What to do: From the records below, return every line containing the word "dimtolj".

═════ Record excerpts

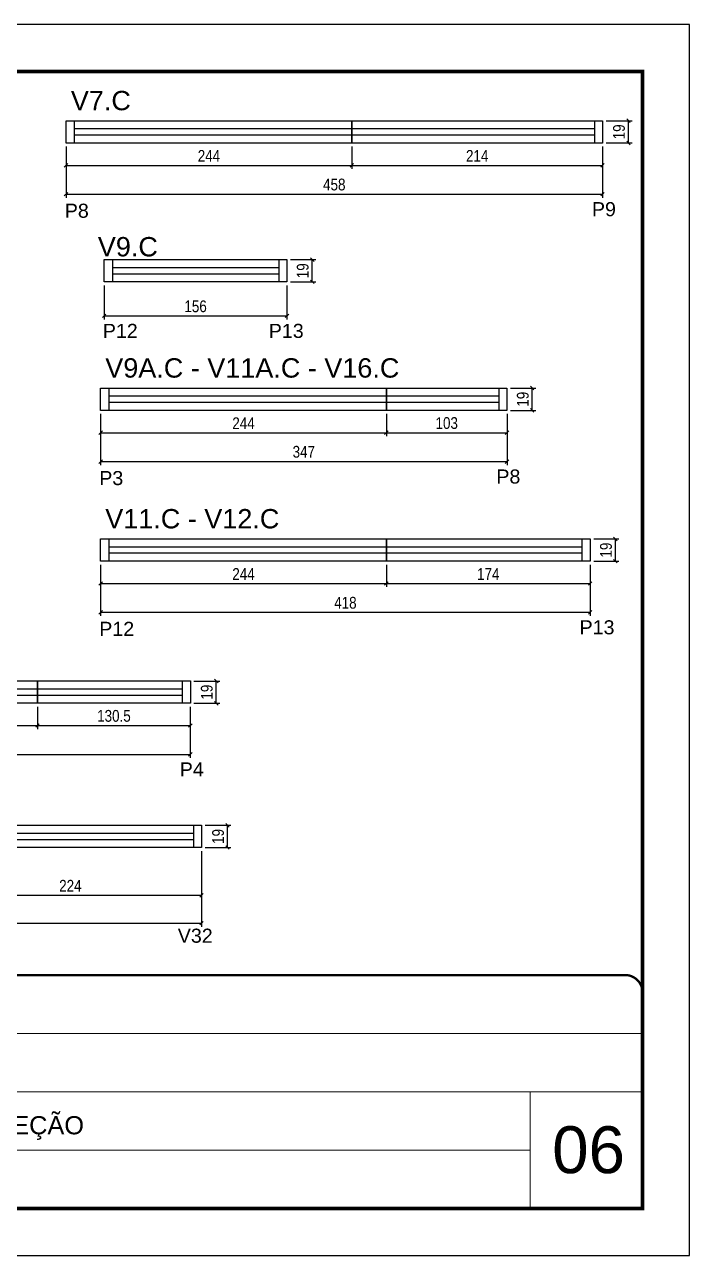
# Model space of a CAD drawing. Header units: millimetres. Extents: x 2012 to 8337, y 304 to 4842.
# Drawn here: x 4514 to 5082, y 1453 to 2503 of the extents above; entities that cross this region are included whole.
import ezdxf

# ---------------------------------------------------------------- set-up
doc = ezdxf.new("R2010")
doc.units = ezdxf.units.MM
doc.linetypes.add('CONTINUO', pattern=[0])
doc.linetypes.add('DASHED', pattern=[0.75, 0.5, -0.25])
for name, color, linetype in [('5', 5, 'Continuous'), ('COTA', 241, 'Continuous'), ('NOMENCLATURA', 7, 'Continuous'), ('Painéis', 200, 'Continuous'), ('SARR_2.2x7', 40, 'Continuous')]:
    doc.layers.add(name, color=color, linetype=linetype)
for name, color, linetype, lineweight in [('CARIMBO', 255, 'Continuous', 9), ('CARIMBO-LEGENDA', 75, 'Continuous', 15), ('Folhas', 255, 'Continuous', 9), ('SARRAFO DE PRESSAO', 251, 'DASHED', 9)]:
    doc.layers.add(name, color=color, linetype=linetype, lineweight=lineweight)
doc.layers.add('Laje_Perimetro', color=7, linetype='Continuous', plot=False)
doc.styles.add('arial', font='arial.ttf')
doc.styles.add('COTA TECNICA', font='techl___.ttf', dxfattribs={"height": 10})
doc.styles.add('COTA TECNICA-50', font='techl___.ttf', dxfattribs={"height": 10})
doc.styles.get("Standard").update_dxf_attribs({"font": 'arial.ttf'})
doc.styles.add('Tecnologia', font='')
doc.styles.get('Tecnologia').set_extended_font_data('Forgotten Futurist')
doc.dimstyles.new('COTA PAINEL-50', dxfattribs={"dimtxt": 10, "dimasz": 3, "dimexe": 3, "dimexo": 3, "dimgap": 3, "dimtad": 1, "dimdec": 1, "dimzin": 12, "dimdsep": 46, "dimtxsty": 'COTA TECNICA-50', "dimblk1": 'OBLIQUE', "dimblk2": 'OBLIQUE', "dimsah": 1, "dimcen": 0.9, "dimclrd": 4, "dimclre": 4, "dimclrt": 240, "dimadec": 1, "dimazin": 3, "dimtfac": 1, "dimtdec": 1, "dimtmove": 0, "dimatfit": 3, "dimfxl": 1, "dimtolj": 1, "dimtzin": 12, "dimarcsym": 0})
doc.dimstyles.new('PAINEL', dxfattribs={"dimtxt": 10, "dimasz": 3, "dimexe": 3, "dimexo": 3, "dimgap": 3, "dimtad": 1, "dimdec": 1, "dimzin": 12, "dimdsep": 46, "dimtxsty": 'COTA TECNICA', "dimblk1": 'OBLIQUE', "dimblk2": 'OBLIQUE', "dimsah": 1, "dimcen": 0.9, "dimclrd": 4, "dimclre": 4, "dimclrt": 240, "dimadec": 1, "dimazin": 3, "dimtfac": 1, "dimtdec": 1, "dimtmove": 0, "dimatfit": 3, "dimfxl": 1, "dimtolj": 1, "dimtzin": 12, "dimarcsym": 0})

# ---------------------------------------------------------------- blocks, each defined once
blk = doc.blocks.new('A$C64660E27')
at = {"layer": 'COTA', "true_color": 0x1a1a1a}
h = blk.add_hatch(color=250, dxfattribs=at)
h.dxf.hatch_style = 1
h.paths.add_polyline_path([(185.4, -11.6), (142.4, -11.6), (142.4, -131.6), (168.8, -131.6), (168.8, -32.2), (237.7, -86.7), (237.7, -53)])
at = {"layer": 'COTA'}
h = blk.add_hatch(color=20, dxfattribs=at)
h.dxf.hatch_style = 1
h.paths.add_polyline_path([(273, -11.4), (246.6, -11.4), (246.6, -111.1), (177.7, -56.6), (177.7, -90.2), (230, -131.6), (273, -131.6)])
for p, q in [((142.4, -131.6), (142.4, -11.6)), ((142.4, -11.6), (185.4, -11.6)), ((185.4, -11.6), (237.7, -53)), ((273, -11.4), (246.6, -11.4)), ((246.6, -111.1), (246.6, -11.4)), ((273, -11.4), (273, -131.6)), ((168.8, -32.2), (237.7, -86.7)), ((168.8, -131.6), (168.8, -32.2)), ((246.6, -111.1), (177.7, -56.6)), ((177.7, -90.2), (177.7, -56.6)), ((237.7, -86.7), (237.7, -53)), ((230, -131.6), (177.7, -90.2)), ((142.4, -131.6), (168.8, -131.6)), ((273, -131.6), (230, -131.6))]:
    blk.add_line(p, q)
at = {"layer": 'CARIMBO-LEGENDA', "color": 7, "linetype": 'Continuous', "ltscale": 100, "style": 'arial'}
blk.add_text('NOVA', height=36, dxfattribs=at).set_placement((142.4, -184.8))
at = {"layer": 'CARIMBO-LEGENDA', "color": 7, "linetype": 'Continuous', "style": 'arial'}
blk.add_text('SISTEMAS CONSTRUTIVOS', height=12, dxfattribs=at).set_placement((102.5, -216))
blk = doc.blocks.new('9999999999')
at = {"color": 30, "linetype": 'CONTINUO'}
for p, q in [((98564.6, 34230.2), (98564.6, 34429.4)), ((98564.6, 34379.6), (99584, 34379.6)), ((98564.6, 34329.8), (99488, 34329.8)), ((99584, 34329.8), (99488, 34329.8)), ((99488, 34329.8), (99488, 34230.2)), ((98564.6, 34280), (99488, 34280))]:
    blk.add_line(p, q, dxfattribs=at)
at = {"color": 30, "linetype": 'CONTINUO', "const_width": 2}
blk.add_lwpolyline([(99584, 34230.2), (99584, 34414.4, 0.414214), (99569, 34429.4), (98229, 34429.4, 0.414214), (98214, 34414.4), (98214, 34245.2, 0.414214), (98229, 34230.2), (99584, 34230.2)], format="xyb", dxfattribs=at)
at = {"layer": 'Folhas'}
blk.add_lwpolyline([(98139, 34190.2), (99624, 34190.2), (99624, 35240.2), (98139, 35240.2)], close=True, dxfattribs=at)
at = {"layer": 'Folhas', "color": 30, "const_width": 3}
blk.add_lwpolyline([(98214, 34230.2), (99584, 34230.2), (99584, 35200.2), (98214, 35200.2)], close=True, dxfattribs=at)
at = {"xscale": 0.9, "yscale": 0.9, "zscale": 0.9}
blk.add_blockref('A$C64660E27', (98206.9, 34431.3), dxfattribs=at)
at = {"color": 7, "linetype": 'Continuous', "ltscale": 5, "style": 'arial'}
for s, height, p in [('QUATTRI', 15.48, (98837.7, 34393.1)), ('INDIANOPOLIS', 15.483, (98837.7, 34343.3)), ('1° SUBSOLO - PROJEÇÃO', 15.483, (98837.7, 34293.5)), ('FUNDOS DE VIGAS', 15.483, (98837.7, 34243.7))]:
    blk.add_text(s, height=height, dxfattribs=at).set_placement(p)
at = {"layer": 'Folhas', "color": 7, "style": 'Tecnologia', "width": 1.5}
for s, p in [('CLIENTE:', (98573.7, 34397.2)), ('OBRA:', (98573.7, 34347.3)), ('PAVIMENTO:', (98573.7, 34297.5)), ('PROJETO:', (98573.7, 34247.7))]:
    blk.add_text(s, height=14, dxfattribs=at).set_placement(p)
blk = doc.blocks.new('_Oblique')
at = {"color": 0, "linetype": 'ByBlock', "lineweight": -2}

══════════

Response to the exercise:
doc.dimstyles.new('COTA PAINEL-50', dxfattribs={"dimtxt": 10, "dimasz": 3, "dimexe": 3, "dimexo": 3, "dimgap": 3, "dimtad": 1, "dimdec": 1, "dimzin": 12, "dimdsep": 46, "dimtxsty": 'COTA TECNICA-50', "dimblk1": 'OBLIQUE', "dimblk2": 'OBLIQUE', "dimsah": 1, "dimcen": 0.9, "dimclrd": 4, "dimclre": 4, "dimclrt": 240, "dimadec": 1, "dimazin": 3, "dimtfac": 1, "dimtdec": 1, "dimtmove": 0, "dimatfit": 3, "dimfxl": 1, "dimtolj": 1, "dimtzin": 12, "dimarcsym": 0})
doc.dimstyles.new('PAINEL', dxfattribs={"dimtxt": 10, "dimasz": 3, "dimexe": 3, "dimexo": 3, "dimgap": 3, "dimtad": 1, "dimdec": 1, "dimzin": 12, "dimdsep": 46, "dimtxsty": 'COTA TECNICA', "dimblk1": 'OBLIQUE', "dimblk2": 'OBLIQUE', "dimsah": 1, "dimcen": 0.9, "dimclrd": 4, "dimclre": 4, "dimclrt": 240, "dimadec": 1, "dimazin": 3, "dimtfac": 1, "dimtdec": 1, "dimtmove": 0, "dimatfit": 3, "dimfxl": 1, "dimtolj": 1, "dimtzin": 12, "dimarcsym": 0})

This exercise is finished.